With technological advances, including artificial intelligence and access to computers, cell phones, and other devices, it is hard to keep up with how we can be attacked, who we can trust, and what is safe. According to the American Bankers Association, senior financial abuse is estimated to have cost victims at least $2.9 billion last year alone.

What is Senior Financial Exploitation?

This is a crime that strips older adults of their resources and independence. You should be on alert if you see signs of theft, fraud, misuse of another person’s assets or credit, or use of undue influence to gain control of an older person’s money or property. Those are signs of possible exploitation. Older adults who may have disabilities, including cognitive impairment, or may rely on others for help can be especially susceptible to scams and other fraud.

Dr.
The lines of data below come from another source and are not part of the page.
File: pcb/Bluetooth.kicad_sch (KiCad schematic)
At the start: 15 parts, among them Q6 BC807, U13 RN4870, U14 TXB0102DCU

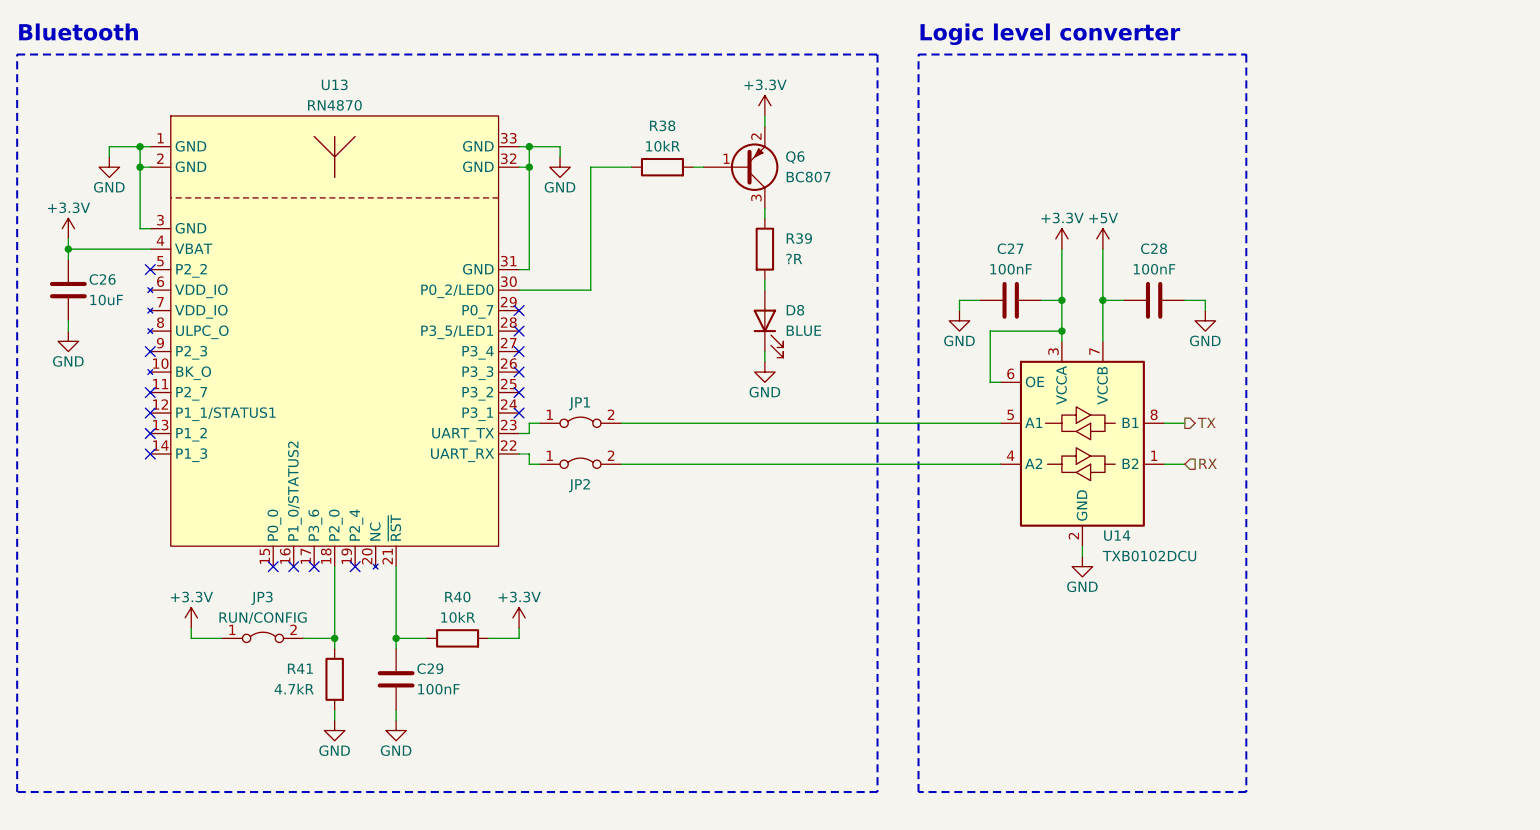
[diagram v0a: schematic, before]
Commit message: Bluetooth RN4870 replaced with RN4678
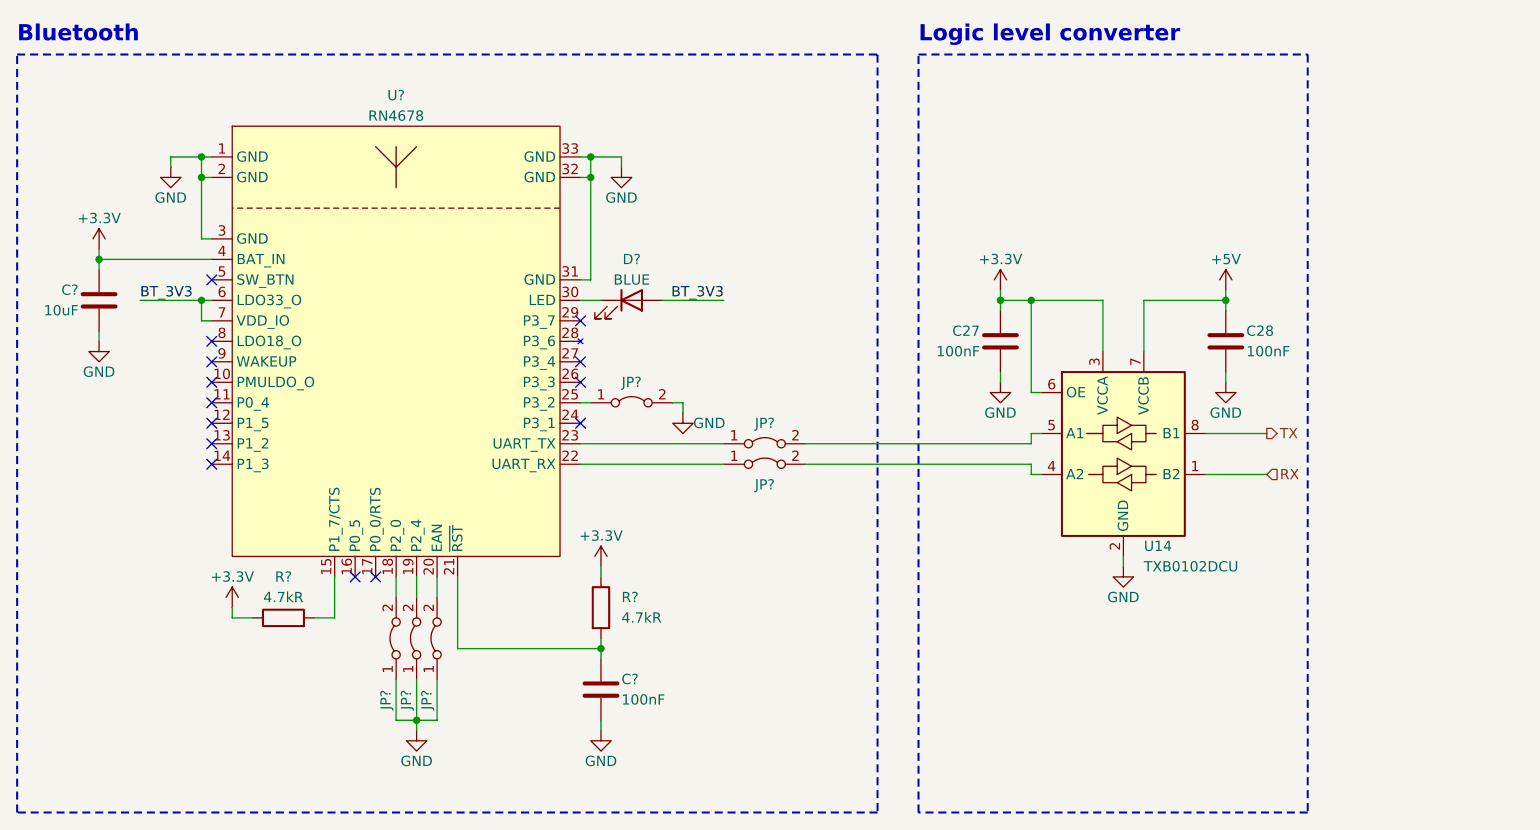
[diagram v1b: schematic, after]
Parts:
- removed C26: 10uF, symbol Device:C
- removed C29: 100nF, symbol Device:C
- removed D8: BLUE, symbol Device:LED
- removed JP1, JP2: Jumper_2_Bridged, symbol Jumper:Jumper_2_Bridged
- removed JP3: RUN/CONFIG, symbol Jumper:Jumper_2_Bridged
- removed Q6: BC807, Package_TO_SOT_SMD:SOT-23, symbol Transistor_BJT:BC807
- removed R38, R40: 10kR, symbol Device:R
- removed R39: ?R, symbol Device:R
- removed R41: 4.7kR, symbol Device:R
- removed U13: RN4870, symbol Autko:RN4870
- added C?: 100nF, symbol Device:C
- added C?: 10uF, symbol Device:C
- added D?: BLUE, symbol Device:LED
- added JP? (x6): Jumper_2_Bridged, symbol Jumper:Jumper_2_Bridged
- added R? (x2): 4.7kR, symbol Device:R
- added U?: RN4678, Autko:RN4678, symbol Autko:RN4678
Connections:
- net +3.3V: now also C?.1, R?.1, R?.1, U?.4 (BAT_IN)
- net GND: now also C?.2, C?.2, JP?.1 (A), JP?.1 (A), JP?.1 (A), JP?.2 (B), U?.1 (GND), U?.2 (GND), U?.3 (GND), U?.31 (GND), U?.32 (GND), U?.33 (GND)
- net at U14.5 (A1): now also JP?.2 (B)
- net at U14.4 (A2): now also JP?.2 (B)
- new net: JP?.1 (A), U?.25 (P3_2)
- new net: R?.2, U?.15 (P1_7/CTS)
- new net: JP?.2 (B), U?.18 (P2_0)
- new net: JP?.2 (B), U?.19 (P2_4)
- new net: JP?.2 (B), U?.20 (EAN)
- new net: C?.1, R?.2, U?.21 (~{RST})
- new net: JP?.1 (A), U?.22 (UART_RX)
- new net: JP?.1 (A), U?.23 (UART_TX)
- new net: D?.1 (K), U?.30 (LED)
- new net BT_3V3: D?.2 (A), U?.6 (LDO33_O), U?.7 (VDD_IO)
- no-connect marks 16 -> 14
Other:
- moved on the sheet: C27, C28, U14

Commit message: Schematic annotated
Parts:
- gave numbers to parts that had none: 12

Peter Lichtenberg of Wayne State University’s Institute of Gerontology has done intensive research on financial exploitation in the senior population. He recommends avoiding scams by being aware of PRESSURE:

Phone: Phishing or text solicitations to start a scam.

Requests: That you send money by gift card, wire transfer, or cryptocurrency.

Ex tracking: Your personal information (Social Security number, date of birth, account numbers) to verify your identity.

Secrecy: Scammers insist that you keep their contact with you a secret!

Spamming: Multiple emails or texts, hoping one will catch you off guard.

Urgency: Scammers insist you act quickly before you become suspicious.

Repetitive: Requests to provide money or information (to wear you down).

Emotional: Scammers appeal to your emotions to make you panic (“your grandson is in jail”) or become excited (“you won the lottery”), so you act without thinking.

What are actions you should take to protect yourself against exploitation?

  • Make sure your estate planning documents are updated and that you have someone prepared to make decisions for you in the case that you are unable to make those decisions for yourself.

  • Shred receipts, bank statements, and unused credit card offers before throwing them away.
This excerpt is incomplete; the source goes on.